Tiny billboards — The lost medium of matchbook covers
Long before social media, the matchbook was frequently an effective choice for small business advertising alongside the newspaper, and the radio spot. Once found everywhere, now a rare and precious find

A child of the late seventies and eighties, I have always had an affectation for small morsels of design. While my siblings enjoyed their records, lounging on shag carpets and rooms lit by lava lamp, we were a generation on the move. Taking our music with us — portable, sleek devices in our pockets. Cassettes, and as I aged, minidiscs, a lifetime of tiny pieces of art catching my eye.

In particular, I was drawn to matchbook covers. Once a legitimate and surprisingly effective form of advertising in such a petite package.

What is a matchbook?

For the young and uninitiated, matchbook covers are nothing more than a folded strip of cardboard that surround two rows of matches. The exterior cover has a coarse strip that the matches can be struck against to light them. All held together with a single staple. So simple. Once found everywhere, now a rare and precious find.

Thinking of my early days

My career started back before the days of computers, long before social media. As an one man 'art-department' in a family-owned quick print shop the matchbook was frequently an effective choice for small business advertising alongside the newspaper, and the radio spot. The matchbook had an astonishing cost per impression. From Atlas Match, “The matchbook industry has proudly touted up to 28 advertising impressions per single matchbook. The user would look at the advertisement 20 times to light a match, and the people around the match user were exposed up to 8-times.”

Value that fits in the palm of your hand

A case of 2000 matchbooks could be obtained for a few hundred dollars — this was a common ‘no-brainer’ free giveaway that a small business budget could accommodate. Unlike an imprinted pen, where the design is often obscured by its use, the matchbook’s surface and mechanism of use lent well to being seen. One cannot ignore its part in the ritual of the smoker. A communal experience passed between users. The abundant matchbook could be shared, given away, and potentially reach other 'like-minded' customers in an organic manner. What could be more subtle than for a brand to pass in front of one's own eyes multiple times daily.
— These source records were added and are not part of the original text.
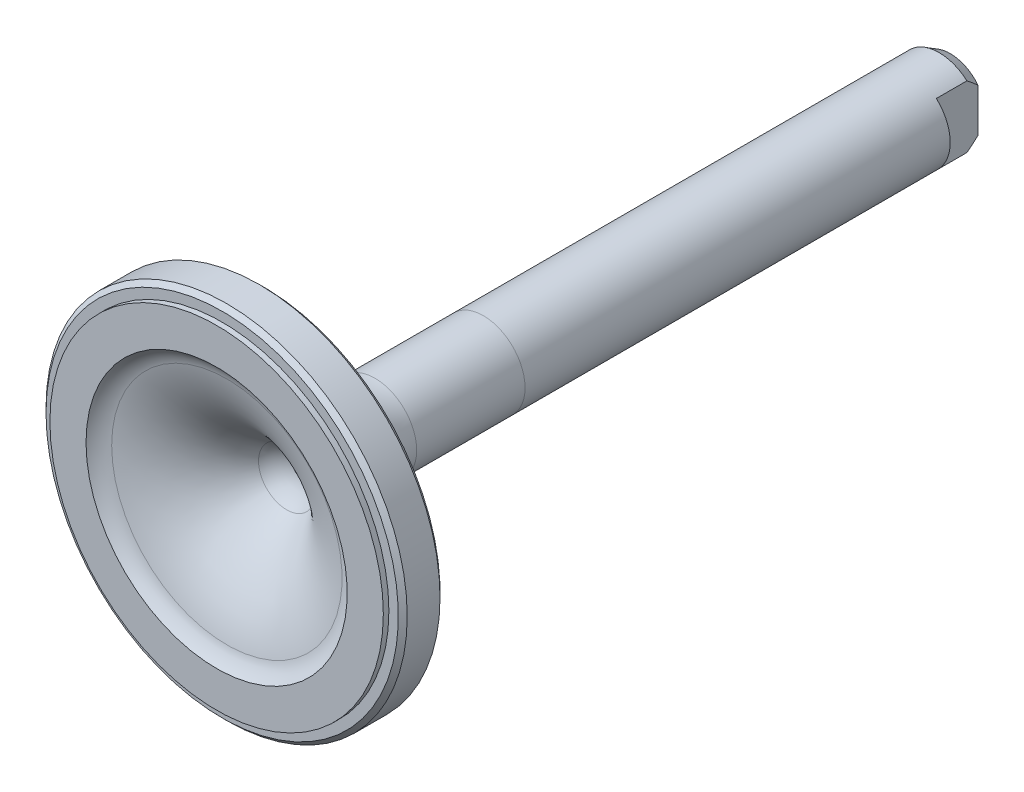
ISO-10303-21;
HEADER;
FILE_DESCRIPTION(('STEP AP214'),'2;1');
FILE_NAME('part.step','',(''),(''),'','','');
FILE_SCHEMA(('AUTOMOTIVE_DESIGN { 1 0 10303 214 1 1 1 1 }'));
ENDSEC;
DATA;
#1=APPLICATION_CONTEXT('core data for automotive mechanical design processes');
#2=APPLICATION_PROTOCOL_DEFINITION('international standard','automotive_design',2000,#1);
#3=PRODUCT_CONTEXT('',#1,'mechanical');
#4=PRODUCT('Part','Part','',(#3));
#5=PRODUCT_RELATED_PRODUCT_CATEGORY('part','',(#4));
#6=PRODUCT_DEFINITION_FORMATION('','',#4);
#7=PRODUCT_DEFINITION_CONTEXT('part definition',#1,'design');
#8=PRODUCT_DEFINITION('design','',#6,#7);
#9=PRODUCT_DEFINITION_SHAPE('','',#8);
#10=(LENGTH_UNIT() NAMED_UNIT(*) SI_UNIT(.MILLI.,.METRE.));
#11=(NAMED_UNIT(*) PLANE_ANGLE_UNIT() SI_UNIT($,.RADIAN.));
#12=(NAMED_UNIT(*) SI_UNIT($,.STERADIAN.) SOLID_ANGLE_UNIT());
#13=UNCERTAINTY_MEASURE_WITH_UNIT(LENGTH_MEASURE(1.E-05),#10,'distance_accuracy_value','');
#14=(GEOMETRIC_REPRESENTATION_CONTEXT(3) GLOBAL_UNCERTAINTY_ASSIGNED_CONTEXT((#13)) GLOBAL_UNIT_ASSIGNED_CONTEXT((#10,
#11,#12)) REPRESENTATION_CONTEXT('',''));
#15=CARTESIAN_POINT('',(0.,0.,0.));
#16=DIRECTION('',(0.,0.,1.));
#17=DIRECTION('',(1.,0.,0.));
#18=AXIS2_PLACEMENT_3D('',#15,#16,#17);
#19=CARTESIAN_POINT('',(0.,0.,-156.845));
#20=DIRECTION('',(0.,0.,1.));
#21=DIRECTION('',(1.,0.,0.));
#22=AXIS2_PLACEMENT_3D('',#19,#20,#21);
#23=CYLINDRICAL_SURFACE('',#22,9.525);
#24=CARTESIAN_POINT('',(0.,0.,-25.4));
#25=DIRECTION('',(0.,0.,1.));
#26=DIRECTION('',(1.,0.,0.));
#27=AXIS2_PLACEMENT_3D('',#24,#25,#26);
#28=CIRCLE('',#27,9.525);
#29=CARTESIAN_POINT('',(9.525,0.,-25.4));
#30=VERTEX_POINT('',#29);
#31=EDGE_CURVE('E168',#30,#30,#28,.F.);
#32=ORIENTED_EDGE('',*,*,#31,.T.);
#33=EDGE_LOOP('',(#32));
#34=FACE_BOUND('',#33,.T.);
#35=CARTESIAN_POINT('',(0.,0.,-50.165));
#36=DIRECTION('',(0.,0.,-1.));
#37=DIRECTION('',(0.,1.,0.));
#38=AXIS2_PLACEMENT_3D('',#35,#36,#37);
#39=CIRCLE('',#38,9.525);
#40=CARTESIAN_POINT('',(0.,9.525,-50.165));
#41=VERTEX_POINT('',#40);
#42=EDGE_CURVE('E13',#41,#41,#39,.T.);
#43=ORIENTED_EDGE('',*,*,#42,.F.);
#44=EDGE_LOOP('',(#43));
#45=FACE_BOUND('',#44,.T.);
#46=ADVANCED_FACE('F51',(#34,#45),#23,.T.);
#47=CARTESIAN_POINT('',(0.,0.,9.525));
#48=DIRECTION('',(0.,0.,1.));
#49=DIRECTION('',(1.,0.,0.));
#50=AXIS2_PLACEMENT_3D('',#47,#48,#49);
#51=PLANE('',#50);
#52=CARTESIAN_POINT('',(0.,0.,9.525));
#53=DIRECTION('',(0.,0.,1.));
#54=DIRECTION('',(1.,0.,0.));
#55=AXIS2_PLACEMENT_3D('',#52,#53,#54);
#56=CIRCLE('',#55,38.1);
#57=CARTESIAN_POINT('',(38.1,0.,9.525));
#58=VERTEX_POINT('',#57);
#59=EDGE_CURVE('E152',#58,#58,#56,.T.);
#60=ORIENTED_EDGE('',*,*,#59,.F.);
#61=EDGE_LOOP('',(#60));
#62=FACE_BOUND('',#61,.T.);
#63=CARTESIAN_POINT('',(0.,0.,9.525));
#64=DIRECTION('',(0.,0.,-1.));
#65=DIRECTION('',(-1.,0.,0.));
#66=AXIS2_PLACEMENT_3D('',#63,#64,#65);
#67=CIRCLE('',#66,40.259);
#68=CARTESIAN_POINT('',(-40.259,0.,9.525));
#69=VERTEX_POINT('',#68);
#70=EDGE_CURVE('E334',#69,#69,#67,.T.);
#71=ORIENTED_EDGE('',*,*,#70,.F.);
#72=EDGE_LOOP('',(#71));
#73=FACE_BOUND('',#72,.T.);
#74=ADVANCED_FACE('F209',(#62,#73),#51,.T.);
#75=CARTESIAN_POINT('',(0.,0.,10.795));
#76=DIRECTION('',(0.,0.,1.));
#77=DIRECTION('',(1.,0.,0.));
#78=AXIS2_PLACEMENT_3D('',#75,#76,#77);
#79=PLANE('',#78);
#80=CARTESIAN_POINT('',(0.,0.,10.795));
#81=DIRECTION('',(0.,0.,1.));
#82=DIRECTION('',(1.,0.,0.));
#83=AXIS2_PLACEMENT_3D('',#80,#81,#82);
#84=CIRCLE('',#83,38.1);
#85=CARTESIAN_POINT('',(38.1,0.,10.795));
#86=VERTEX_POINT('',#85);
#87=EDGE_CURVE('E146',#86,#86,#84,.T.);
#88=ORIENTED_EDGE('',*,*,#87,.T.);
#89=EDGE_LOOP('',(#88));
#90=FACE_BOUND('',#89,.T.);
#91=CARTESIAN_POINT('',(0.,0.,10.795));
#92=DIRECTION('',(0.,0.,-1.));
#93=DIRECTION('',(-1.,0.,0.));
#94=AXIS2_PLACEMENT_3D('',#91,#92,#93);
#95=CIRCLE('',#94,29.845);
#96=CARTESIAN_POINT('',(-29.845,0.,10.795));
#97=VERTEX_POINT('',#96);
#98=EDGE_CURVE('E305',#97,#97,#95,.T.);
#99=ORIENTED_EDGE('',*,*,#98,.T.);
#100=EDGE_LOOP('',(#99));
#101=FACE_BOUND('',#100,.T.);
#102=ADVANCED_FACE('F205',(#90,#101),#79,.T.);
#103=CARTESIAN_POINT('',(0.,0.,9.525));
#104=DIRECTION('',(0.,0.,1.));
#105=DIRECTION('',(1.,0.,0.));
#106=AXIS2_PLACEMENT_3D('',#103,#104,#105);
#107=CYLINDRICAL_SURFACE('',#106,38.1);
#108=ORIENTED_EDGE('',*,*,#59,.T.);
#109=EDGE_LOOP('',(#108));
#110=FACE_BOUND('',#109,.T.);
#111=ORIENTED_EDGE('',*,*,#87,.F.);
#112=EDGE_LOOP('',(#111));
#113=FACE_BOUND('',#112,.T.);
#114=ADVANCED_FACE('F208',(#110,#113),#107,.T.);
#115=CARTESIAN_POINT('',(0.,0.,14.605));
#116=DIRECTION('',(0.,0.,-1.));
#117=DIRECTION('',(-1.,0.,0.));
#118=AXIS2_PLACEMENT_3D('',#115,#116,#117);
#119=TOROIDAL_SURFACE('',#118,24.765,6.35);
#120=CARTESIAN_POINT('',(0.,0.,8.45038461538461));
#121=DIRECTION('',(0.,0.,-1.));
#122=DIRECTION('',(-1.,0.,0.));
#123=AXIS2_PLACEMENT_3D('',#120,#121,#122);
#124=CIRCLE('',#123,26.3280769230769);
#125=CARTESIAN_POINT('',(-26.3280769230769,0.,8.45038461538461));
#126=VERTEX_POINT('',#125);
#127=EDGE_CURVE('E311',#126,#126,#124,.T.);
#128=ORIENTED_EDGE('',*,*,#127,.T.);
#129=EDGE_LOOP('',(#128));
#130=FACE_BOUND('',#129,.T.);
#131=ORIENTED_EDGE('',*,*,#98,.F.);
#132=EDGE_LOOP('',(#131));
#133=FACE_BOUND('',#132,.T.);
#134=ADVANCED_FACE('F258',(#130,#133),#119,.F.);
#135=CARTESIAN_POINT('',(0.,0.,-25.4));
#136=DIRECTION('',(0.,0.,-1.));
#137=DIRECTION('',(-1.,0.,0.));
#138=AXIS2_PLACEMENT_3D('',#135,#136,#137);
#139=DEGENERATE_TOROIDAL_SURFACE('',#138,34.925,34.925,.T.);
#140=CARTESIAN_POINT('',(0.,0.,-5.21270777702834));
#141=DIRECTION('',(0.,0.,-1.));
#142=DIRECTION('',(-1.,0.,0.));
#143=AXIS2_PLACEMENT_3D('',#140,#141,#142);
#144=CIRCLE('',#143,6.4253709198813);
#145=CARTESIAN_POINT('',(-6.4253709198813,0.,-5.21270777702834));
#146=VERTEX_POINT('',#145);
#147=EDGE_CURVE('E314',#146,#146,#144,.T.);
#148=ORIENTED_EDGE('',*,*,#147,.T.);
#149=EDGE_LOOP('',(#148));
#150=FACE_BOUND('',#149,.T.);
#151=ORIENTED_EDGE('',*,*,#127,.F.);
#152=EDGE_LOOP('',(#151));
#153=FACE_BOUND('',#152,.T.);
#154=ADVANCED_FACE('F357',(#150,#153),#139,.T.);
#155=CARTESIAN_POINT('',(0.,0.,-0.661390984940169));
#156=DIRECTION('',(0.,0.,-1.));
#157=DIRECTION('',(1.,0.,0.));
#158=AXIS2_PLACEMENT_3D('',#155,#156,#157);
#159=SPHERICAL_SURFACE('',#158,7.874);
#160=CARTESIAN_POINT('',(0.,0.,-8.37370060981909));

No hard sell, just a friendly visual within view.

Millions of matches waiting patiently in pockets and drawers all over the world. They are always glad to be found, and we are sad when the last match is struck. And here I sit anthropomorphizing.

The enchantment of the matchbook and proof of its versatility is how a few square inches of space has been utilized by millions of organizations. From a simple logo to an ad of a product or service to stunning illustration to catch the eye, spreading its message. Call me an idyllic romantic but I cannot deny the warmth of the physical object in a world of fake smiles on cold screens. That small packet of cardboard and sulfur has a long shelf life as well. Millions of matches waiting patiently in pockets and drawers all over the world. They are always glad to be found, and we are sad when the last match is struck. And here I sit anthropomorphizing.

An unusually resourceful solution by a government agency

After 9/11, thousands of matchbooks were printed and spread into the Middle East by the US State department with Osama bin Laden’s image. They included the offer of a million-dollar reward and relocation to those who provided information. A clever solution to a monumental problem. How do you reach a population with little to no access to radio, television, or internet? This was a highly effective way to broadcast that message into the region, since the smoking population was considerable.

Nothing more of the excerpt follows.